Sometimes this is true, but sometimes undertrained perspectives can be quite
detrimental. The most clear-cut example is that of medical discussions;
medical commentary or speculation from under-qualified individuals can do real
harm. Many communities on the web have recognized this and have taken measures
to protect users[1].

Medical advice is a pretty extreme example as far as detrimental discussions,
but there are some shades of gray that I've seen show up on HN. As a
biologist, the ones I've found most grating are those that reflect poor
training in the the life sciences, where HNers make pseudoscientific or
unscientific claims.

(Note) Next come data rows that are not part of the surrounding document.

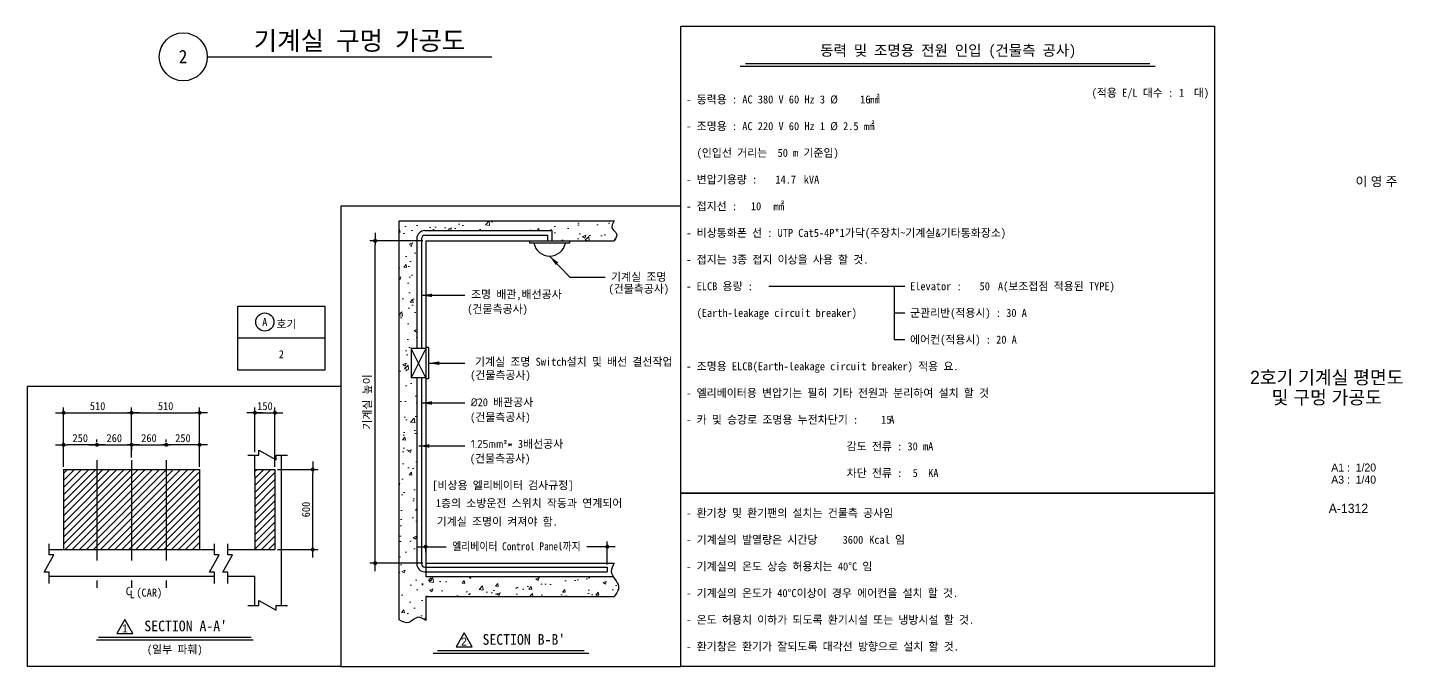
# Model space of a CAD drawing. Extents: x -9109 to 174251, y 57759 to 115528.
# Drawn here: x 80462 to 90773, y 98509 to 103298 of the extents above; entities that cross this region are included whole.
import ezdxf
from ezdxf.enums import TextEntityAlignment as Align

# ---------------------------------------------------------------- set-up
doc = ezdxf.new("R2010")
doc.units = 0
doc.header["$LTSCALE"] = 600
doc.header["$MEASUREMENT"] = 0
doc.linetypes.add('CENTER', pattern=[2, 1.25, -0.25, 0.25, -0.25])
doc.linetypes.add('PHANTOM2', pattern=[31.75, 15.875, -3.175, 3.175, -3.175, 3.175, -3.175])
doc.layers.get('0').update_dxf_attribs({"linetype": 'CONTINUOUS'})
for name, color, linetype in [('1', 3, 'CONTINUOUS'), ('3', 1, 'CENTER'), ('7', 7, 'CONTINUOUS'), ('A-BORD-TEXT', 3, 'CONTINUOUS'), ('A-DIMS', 7, 'CONTINUOUS')]:
    doc.layers.add(name, color=color, linetype=linetype)
for name, color, linetype, lineweight in [('A-MKXS-LEAD', 7, 'CONTINUOUS', 25), ('A-MKXS-TEXT1', 3, 'CONTINUOUS', 25), ('A-XXXX-HATC', 8, 'CONTINUOUS', 18), ('A-XXXX-SYMB', 7, 'CONTINUOUS', 25), ('A-XXXX-TABL', 7, 'CONTINUOUS', 25), ('A-XXXX-TXT1', 3, 'CONTINUOUS', 25)]:
    doc.layers.add(name, color=color, linetype=linetype, lineweight=lineweight)
doc.styles.add('HY울릉도L', font='')
doc.styles.add('OTIS', font='')
doc.styles.add('굴림', font='')
doc.styles.add('돋움체', font='')
doc.styles.add('맑은고딕', font='')
doc.styles.get('HY울릉도L').set_extended_font_data('Dotum')
doc.styles.get('OTIS').set_extended_font_data('Dotum')
doc.styles.get('굴림').set_extended_font_data('Dotum')
doc.styles.get('돋움체').set_extended_font_data('DotumChe')
doc.styles.get('맑은고딕').set_extended_font_data('Dotum')
doc.dimstyles.new('CDIM', dxfattribs={"dimtxt": 3, "dimasz": 1.5, "dimexe": 2, "dimexo": 1, "dimgap": 1, "dimtad": 1, "dimdec": 0, "dimrnd": 0.5, "dimzin": 0, "dimdsep": 32, "dimlunit": 6, "dimtxsty": 'HY울릉도L', "dimblk1": '_CIDOT', "dimblk2": '_CIDOT', "dimsah": 1, "dimcen": 5.5, "dimclrd": 2, "dimclre": 2, "dimclrt": 7, "dimadec": 0, "dimazin": 0, "dimtfac": 1, "dimtdec": 0, "dimtix": 1, "dimtmove": 2, "dimatfit": 1, "dimldrblk": '_CIDOT', "dimfxl": 1, "dimtolj": 1, "dimtzin": 0, "dimlwd": -1, "dimarcsym": 0})
doc.dimstyles.new('OTIS', dxfattribs={"dimscale": 100, "dimtxt": 2.25, "dimasz": 2, "dimexe": 0.8, "dimexo": 0.8, "dimgap": 0.7, "dimtad": 1, "dimdsep": 46, "dimtxsty": '굴림', "dimblk": 'DOT', "dimcen": 0, "dimclrd": 3, "dimclre": 3, "dimclrt": 3, "dimadec": 0, "dimazin": 0, "dimtfac": 1, "dimtmove": 0, "dimatfit": 3, "dimfxl": 1, "dimtolj": 1, "dimarcsym": 0})

# ---------------------------------------------------------------- blocks, each defined once
blk = doc.blocks.new('_CIDOT')
at = {"color": 0, "linetype": 'ByBlock'}
blk.add_line((2, 0), (-1, 0), dxfattribs=at)
at = {"color": 0, "linetype": 'ByBlock', "const_width": 0.5}
blk.add_lwpolyline([(-0.25, 0, 1), (0.25, 0, 1)], format="xyb", close=True, dxfattribs=at)
blk = doc.blocks.new('*D657')
at = {"layer": 'A-DIMS', "lineweight": -2, "transparency": 16777216}
for p, q in [((82338, 99985), (82641, 99985)), ((82338, 99385), (82641, 99385))]:
    blk.add_line(p, q, dxfattribs=at)
at = {"layer": 'A-DIMS', "transparency": 16777216}
blk.add_line((82601, 99415), (82601, 99955), dxfattribs=at)
at = {"layer": 'A-DIMS', "transparency": 16777216, "xscale": 30, "yscale": 30, "zscale": 30}
for p, rotation in [((82601, 99985), 90), ((82601, 99385), 270)]:
    blk.add_blockref('_CIDOT', p, dxfattribs=dict(at, rotation=rotation))
at = {"layer": 'A-DIMS', "color": 3, "transparency": 16777216, "insert": (82551, 99685), "char_height": 60, "attachment_point": 5, "rotation": 90, "style": '돋움체'}
blk.add_mtext('\\A1;600', dxfattribs=at)
blk = doc.blocks.new('*D658')
at = {"layer": 'A-DIMS', "lineweight": -2, "transparency": 16777216}
for p, q in [((82168, 100114), (82168, 100450)), ((82318, 100005), (82318, 100450))]:
    blk.add_line(p, q, dxfattribs=at)
at = {"layer": 'A-DIMS', "transparency": 16777216}
for p, q in [((82138, 100410), (82108, 100410)), ((82168, 100410), (82318, 100410)), ((82348, 100410), (82378, 100410))]:
    blk.add_line(p, q, dxfattribs=at)
at = {"layer": 'A-DIMS', "transparency": 16777216, "xscale": 30, "yscale": 30, "zscale": 30}
blk.add_blockref('_CIDOT', (82168, 100410), dxfattribs=at)
at = {"layer": 'A-DIMS', "transparency": 16777216, "xscale": 30, "yscale": 30, "zscale": 30, "rotation": 180}
blk.add_blockref('_CIDOT', (82318, 100410), dxfattribs=at)
at = {"layer": 'A-DIMS', "color": 3, "transparency": 16777216, "insert": (82243, 100460), "char_height": 60, "attachment_point": 5, "style": '돋움체'}
blk.add_mtext('\\A1;150', dxfattribs=at)
blk = doc.blocks.new('*D659')
at = {"layer": 'A-DIMS', "lineweight": -2, "transparency": 16777216}
for p, q in [((80733, 100005), (80733, 100450)), ((81243, 100074), (81243, 100450))]:
    blk.add_line(p, q, dxfattribs=at)
at = {"layer": 'A-DIMS', "transparency": 16777216}
blk.add_line((80763, 100410), (81213, 100410), dxfattribs=at)
at = {"layer": 'A-DIMS', "transparency": 16777216, "xscale": 30, "yscale": 30, "zscale": 30, "rotation": 180}
blk.add_blockref('_CIDOT', (80733, 100410), dxfattribs=at)
at = {"layer": 'A-DIMS', "transparency": 16777216, "xscale": 30, "yscale": 30, "zscale": 30}
blk.add_blockref('_CIDOT', (81243, 100410), dxfattribs=at)
at = {"layer": 'A-DIMS', "color": 3, "transparency": 16777216, "insert": (80988, 100460), "char_height": 60, "attachment_point": 5, "style": '돋움체'}
blk.add_mtext('\\A1;510', dxfattribs=at)
blk = doc.blocks.new('*D660')
at = {"layer": 'A-DIMS', "lineweight": -2, "transparency": 16777216}
for p, q in [((81243, 100074), (81243, 100450)), ((81753, 100005), (81753, 100450))]:
    blk.add_line(p, q, dxfattribs=at)
at = {"layer": 'A-DIMS', "transparency": 16777216}
blk.add_line((81273, 100410), (81723, 100410), dxfattribs=at)
at = {"layer": 'A-DIMS', "transparency": 16777216, "xscale": 30, "yscale": 30, "zscale": 30, "rotation": 180}
blk.add_blockref('_CIDOT', (81243, 100410), dxfattribs=at)
at = {"layer": 'A-DIMS', "transparency": 16777216, "xscale": 30, "yscale": 30, "zscale": 30}
blk.add_blockref('_CIDOT', (81753, 100410), dxfattribs=at)
at = {"layer": 'A-DIMS', "color": 3, "transparency": 16777216, "insert": (81498, 100460), "char_height": 60, "attachment_point": 5, "style": '돋움체'}
blk.add_mtext('\\A1;510', dxfattribs=at)
blk = doc.blocks.new('*D661')
at = {"layer": 'A-DIMS', "lineweight": -2, "transparency": 16777216}
for p, q in [((80983, 100190), (80983, 100210)), ((81243, 100151), (81243, 100130))]:
    blk.add_line(p, q, dxfattribs=at)
at = {"layer": 'A-DIMS', "transparency": 16777216}
blk.add_line((81013, 100170), (81213, 100170), dxfattribs=at)
at = {"layer": 'A-DIMS', "transparency": 16777216, "xscale": 30, "yscale": 30, "zscale": 30, "rotation": 180}
blk.add_blockref('_CIDOT', (80983, 100170), dxfattribs=at)
at = {"layer": 'A-DIMS', "transparency": 16777216, "xscale": 30, "yscale": 30, "zscale": 30}
blk.add_blockref('_CIDOT', (81243, 100170), dxfattribs=at)
at = {"layer": 'A-DIMS', "color": 3, "transparency": 16777216, "insert": (81113, 100220), "char_height": 60, "attachment_point": 5, "style": '돋움체'}
blk.add_mtext('\\A1;260', dxfattribs=at)
blk = doc.blocks.new('*D662')
at = {"layer": 'A-DIMS', "lineweight": -2, "transparency": 16777216}
for p, q in [((81243, 100190), (81243, 100210)), ((81503, 100190), (81503, 100210))]:
    blk.add_line(p, q, dxfattribs=at)
at = {"layer": 'A-DIMS', "transparency": 16777216}
blk.add_line((81273, 100170), (81473, 100170), dxfattribs=at)
at = {"layer": 'A-DIMS', "transparency": 16777216, "xscale": 30, "yscale": 30, "zscale": 30, "rotation": 180}
blk.add_blockref('_CIDOT', (81243, 100170), dxfattribs=at)
at = {"layer": 'A-DIMS', "transparency": 16777216, "xscale": 30, "yscale": 30, "zscale": 30}
blk.add_blockref('_CIDOT', (81503, 100170), dxfattribs=at)
at = {"layer": 'A-DIMS', "color": 3, "transparency": 16777216, "insert": (81373, 100220), "char_height": 60, "attachment_point": 5, "style": '돋움체'}
blk.add_mtext('\\A1;260', dxfattribs=at)
blk = doc.blocks.new('*D932')
at = {"layer": 'A-DIMS', "lineweight": -2, "transparency": 16777216}
for p, q in [((80733, 100190), (80733, 100210)), ((80983, 100190), (80983, 100210))]:
    blk.add_line(p, q, dxfattribs=at)
at = {"layer": 'A-DIMS', "transparency": 16777216}
blk.add_line((80953, 100170), (80763, 100170), dxfattribs=at)
at = {"layer": 'A-DIMS', "transparency": 16777216, "xscale": 30, "yscale": 30, "zscale": 30, "rotation": 180}
blk.add_blockref('_CIDOT', (80733, 100170), dxfattribs=at)
at = {"layer": 'A-DIMS', "transparency": 16777216, "xscale": 30, "yscale": 30, "zscale": 30}
blk.add_blockref('_CIDOT', (80983, 100170), dxfattribs=at)
at = {"layer": 'A-DIMS', "color": 3, "transparency": 16777216, "insert": (80858, 100220), "char_height": 60, "attachment_point": 5, "style": '돋움체'}
blk.add_mtext('\\A1;250', dxfattribs=at)
blk = doc.blocks.new('*D933')
at = {"layer": 'A-DIMS', "lineweight": -2, "transparency": 16777216}
for p, q in [((81503, 100190), (81503, 100210)), ((81753, 100190), (81753, 100210))]:
    blk.add_line(p, q, dxfattribs=at)
at = {"layer": 'A-DIMS', "transparency": 16777216}
blk.add_line((81723, 100170), (81533, 100170), dxfattribs=at)
at = {"layer": 'A-DIMS', "transparency": 16777216, "xscale": 30, "yscale": 30, "zscale": 30, "rotation": 180}
blk.add_blockref('_CIDOT', (81503, 100170), dxfattribs=at)
at = {"layer": 'A-DIMS', "transparency": 16777216, "xscale": 30, "yscale": 30, "zscale": 30}
blk.add_blockref('_CIDOT', (81753, 100170), dxfattribs=at)
at = {"layer": 'A-DIMS', "color": 3, "transparency": 16777216, "insert": (81628, 100220), "char_height": 60, "attachment_point": 5, "style": '돋움체'}
blk.add_mtext('\\A1;250', dxfattribs=at)
blk = doc.blocks.new('*D998')
at = {"layer": 'A-DIMS', "transparency": 16777216}
for p, q in [((83478, 99406), (83602, 99406)), ((84780, 99406), (84656, 99406))]:
    blk.add_line(p, q, dxfattribs=at)
at = {"layer": 'A-DIMS', "lineweight": -2, "transparency": 16777216}
for p, q in [((84810, 99274), (84810, 99446)), ((83448, 99390), (83448, 99366))]:
    blk.add_line(p, q, dxfattribs=at)
at = {"layer": 'A-DIMS', "transparency": 16777216, "xscale": 30, "yscale": 30, "zscale": 30, "rotation": 180}
blk.add_blockref('_CIDOT', (83448, 99406), dxfattribs=at)
at = {"layer": 'A-DIMS', "transparency": 16777216, "xscale": 30, "yscale": 30, "zscale": 30}
blk.add_blockref('_CIDOT', (84810, 99406), dxfattribs=at)
at = {"layer": 'A-DIMS', "color": 3, "transparency": 16777216, "insert": (84129, 99406), "char_height": 60, "attachment_point": 5, "style": '돋움체'}
blk.add_mtext('\\A1;{\\W0.9;\\C4;엘리베이터 Control Panel까지}', dxfattribs=at)
blk = doc.blocks.new('*D999')
at = {"layer": 'A-DIMS', "lineweight": -2, "transparency": 16777216}
for p, q in [((83428, 101699), (83029, 101699)), ((83428, 99283), (83029, 99283))]:
    blk.add_line(p, q, dxfattribs=at)
at = {"layer": 'A-DIMS', "transparency": 16777216}
blk.add_line((83069, 99313), (83069, 101669), dxfattribs=at)
at = {"layer": 'A-DIMS', "transparency": 16777216, "xscale": 30, "yscale": 30, "zscale": 30}
for p, rotation in [((83069, 101699), 90), ((83069, 99283), 270)]:
    blk.add_blockref('_CIDOT', p, dxfattribs=dict(at, rotation=rotation))
at = {"layer": 'A-DIMS', "color": 3, "transparency": 16777216, "insert": (83013, 100491), "char_height": 60, "attachment_point": 5, "rotation": 90, "style": '돋움체'}
blk.add_mtext('\\A1;기계실 높이', dxfattribs=at)

msp = doc.modelspace()

# ---------------------------------------------------------------- hatches: boundary and pattern name
h = msp.add_hatch()
h.set_pattern_fill('ANSI31', color=3, scale=300)
h.set_pattern_definition([(45, (81583.82, 102874.7), (-26.5165, 26.5165), [])])
h.paths.add_polyline_path([(81752.5, 99984.7), (80732.5, 99984.7), (80732.5, 99384.7), (81752.5, 99384.7)])
h = msp.add_hatch()
h.set_pattern_fill('ANSI31', color=3, scale=300)
h.set_pattern_definition([(45, (81676.85, 102874.7), (-26.5165, 26.5165), [])])
h.paths.add_polyline_path([(82317.9, 99984.7), (82167.9, 99984.7), (82167.9, 99934.7), (82167.9, 99384.7), (82317.9, 99384.7)])
at = {"layer": 'A-XXXX-HATC'}
h = msp.add_hatch(dxfattribs=at)
h.set_pattern_fill('AR-CONC', color=256, scale=35, style=0)
h.set_pattern_definition([(50, (0, 0), (251.04106, -21.96325), [26.25, -288.75]), (355, (0, 0), (-48.56297, 263.26725), [21, -231]), (100.45144, (20.92, -1.83), (202.4781, 241.304), [22.30907, -245.39974]), (46.1842, (0, 70), (373.5345, -57.93175), [39.375, -433.125]), (96.63564, (31.13, 65.17), (327.1317, 340.9415), [33.4636, -368.0998]), (351.18416, (0, 70), (327.1317, 340.9415), [31.5, -346.5]), (21, (35, 52.5), (208.91747, -140.9166), [26.25, -288.75]), (326, (35, 52.5), (85.16037, 253.8025), [21, -231]), (71.45144, (52.4, 40.76), (294.07783, 112.8859), [22.30907, -245.39974]), (37.5, (0, 0), (4.25595, 116.51285), [0, -228.2, 0, -234.5, 0, -231.875]), (7.5, (0, 0), (92.07434, 138.0441), [0, -133.7, 0, -222.95, 0, -88.375]), (327.5, (-78.05, 0), (186.83785, -7.894205), [0, -87.5, 0, -273, 0, -362.25]), (317.5, (-113.05, 0), (204.11516, 35.03674), [0, -113.75, 0, -181.3, 0, -257.25])])
edge = h.paths.add_edge_path()
edge.add_line((83248.3, 101849), (83248.3, 98857.3))
edge.add_spline(control_points=[(83248.3, 98857.3), (83273.8, 98844.6), (83325.3, 98818.7), (83384.4, 98897.5), (83428.5, 98866.4), (83448.3, 98852.5)], knot_values=[0, 0, 0, 0, 76.3661019, 154.4497305, 217.81344, 217.81344, 217.81344, 217.81344], degree=3, periodic=0)
edge.add_line((83448.3, 98852.5), (83448.3, 99032.6))
edge.add_line((83448.3, 99032.6), (84862.3, 99032.6))
edge.add_spline(control_points=[(84862.3, 99032.6), (84879.5, 99057.8), (84914.4, 99108.9), (84869.4, 99157.6), (84853.8, 99182.6)], knot_values=[108.2207165, 108.2207165, 108.2207165, 108.2207165, 189.889515, 273.6505776, 273.6505776, 273.6505776, 273.6505776], degree=3, periodic=0)
edge.add_line((84853.8, 99182.6), (83448.3, 99182.6))
edge.add_line((83448.3, 99182.6), (83448.3, 99218.6))
edge.add_line((83448.3, 99218.6), (83441.4, 99218.6))
edge.add_arc((83441.4, 99278.6), 60, 180, 270, ccw=False)
edge.add_line((83381.4, 99278.6), (83381.4, 100673.3))
edge.add_line((83381.4, 100673.3), (83340.2, 100673.3))
edge.add_line((83340.2, 100673.3), (83340.2, 100890.9))
edge.add_line((83340.2, 100890.9), (83381.4, 100890.9))
edge.add_line((83381.4, 100890.9), (83381.4, 101715.2))
edge.add_arc((83441.4, 101715.2), 60, 90, 180, ccw=False)
edge.add_line((83441.4, 101775.2), (84395.3, 101775.2))
edge.add_line((84395.3, 101775.2), (84395.3, 101699))
edge.add_line((84395.3, 101699), (84526.5, 101699))
edge.add_line((84526.5, 101699), (84862.3, 101699))
edge.add_spline(control_points=[(84862.3, 101699), (84874, 101717.5), (84896.9, 101753.6), (84828.7, 101790.2), (84850.6, 101828.6), (84862.3, 101849)], knot_values=[0, 0, 0, 0, 55.0126751, 107.7399806, 167.1192497, 167.1192497, 167.1192497, 167.1192497], degree=3, periodic=0)
edge.add_line((84862.3, 101849), (83248.3, 101849))

# ---------------------------------------------------------------- linework, layer by layer
for p, q in [((83248.3, 98857.3), (83248.3, 101849)), ((83248.3, 101849), (84862.3, 101849)), ((83448.3, 101699), (83448.3, 99182.6)), ((83448.3, 101699), (84862.3, 101699)), ((83448.3, 100890.9), (83340.2, 100890.9)), ((83470.1, 100898.4), (83448.3, 100898.4)), ((83448.3, 100673.3), (83340.2, 100673.3)), ((83470.1, 100665.8), (83448.3, 100665.8)), ((82167.9, 99934.7), (82167.9, 100093.6)), ((82367.9, 98966.8), (82367.9, 100093.6)), ((82167.9, 99984.7), (82317.9, 99984.7)), ((82167.9, 99934.7), (82167.9, 99384.7)), ((82317.9, 99984.7), (82317.9, 99384.7)), ((80623.6, 99384.7), (81863.4, 99384.7)), ((81963.4, 99384.7), (82317.9, 99384.7)), ((80623.6, 99184.7), (81863.4, 99184.7)), ((81963.4, 99184.7), (82167.9, 99184.7)), ((82167.9, 98966.8), (82167.9, 99184.7)), ((83448.3, 99182.6), (84853.8, 99182.6)), ((83448.3, 99032.6), (84862.3, 99032.6)), ((83448.3, 99032.6), (83448.3, 98852.5))]:
    msp.add_line(p, q)
at = {"color": 7}
for p, q in [((83340.2, 100890.9), (83340.2, 100673.3)), ((83448.3, 100898.4), (83448.3, 100665.8)), ((83470.1, 100898.4), (83470.1, 100665.8))]:
    msp.add_line(p, q, dxfattribs=at)
at = {"color": 3, "linetype": 'PHANTOM2'}
msp.add_line((83448.3, 99282.6), (84862.3, 99282.6), dxfattribs=at)
at = {"color": 3}
for p, q in [((80979.3, 98708.6), (82154.2, 98708.6)), ((80994.1, 98728.2), (82138.4, 98728.2))]:
    msp.add_line(p, q, dxfattribs=at)
for points in [[(82113.9, 100093.6), (82198.1, 100093.6), (82198.1, 100130.8), (82327.8, 100056.3), (82327.8, 100093.6), (82411.7, 100093.6)], [(80623.6, 99130.8), (80623.6, 99215), (80586.3, 99215), (80660.9, 99344.6), (80623.6, 99344.6), (80623.6, 99428.6)], [(81863.4, 99130.8), (81863.4, 99215), (81826.1, 99215), (81900.7, 99344.6), (81863.4, 99344.6), (81863.4, 99428.6)], [(81963.4, 99130.8), (81963.4, 99215), (81926.1, 99215), (82000.7, 99344.6), (81963.4, 99344.6), (81963.4, 99428.6)], [(82113.9, 98966.8), (82198.1, 98966.8), (82198.1, 99004.1), (82327.8, 98929.5), (82327.8, 98966.8), (82411.7, 98966.8)]]:
    msp.add_lwpolyline(points)
at = {"color": 4, "linetype": 'Continuous'}
for points in [[(81132.6, 98755.6), (81252.6, 98755.6), (81192.6, 98860.6), (81132.6, 98755.6)], [(83675.5, 98656.5), (83795.5, 98656.5), (83735.5, 98761.5), (83675.5, 98656.5)]]:
    msp.add_lwpolyline(points, dxfattribs=at)
at = {"layer": '1'}
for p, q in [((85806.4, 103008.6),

It's easy to call these things "opinions", but they are
actively harmful when most users will not be able to tell that they are
incorrect.

There are certainly other cases where underinformed commenters end up doing
harm, from legal speculation to "get your pitchforks" outrage attacks.

Note that I'm not arguing against free and open discussion in forums such as
HN; people should be physically able to post whatever they want. My point is
instead that the community should be sensitive to underqualified commentary in
disciplines beyond its expertise. Less accepting, in a way.

Credentialing is but one way this has been done, but understandably not the
best one here.

[1][http://www.reddit.com/r/askscience/comments/s4chc/meta_medic...](http://www.reddit.com/r/askscience/comments/s4chc/meta_medical_advice_on_askscience_the_guidelines/)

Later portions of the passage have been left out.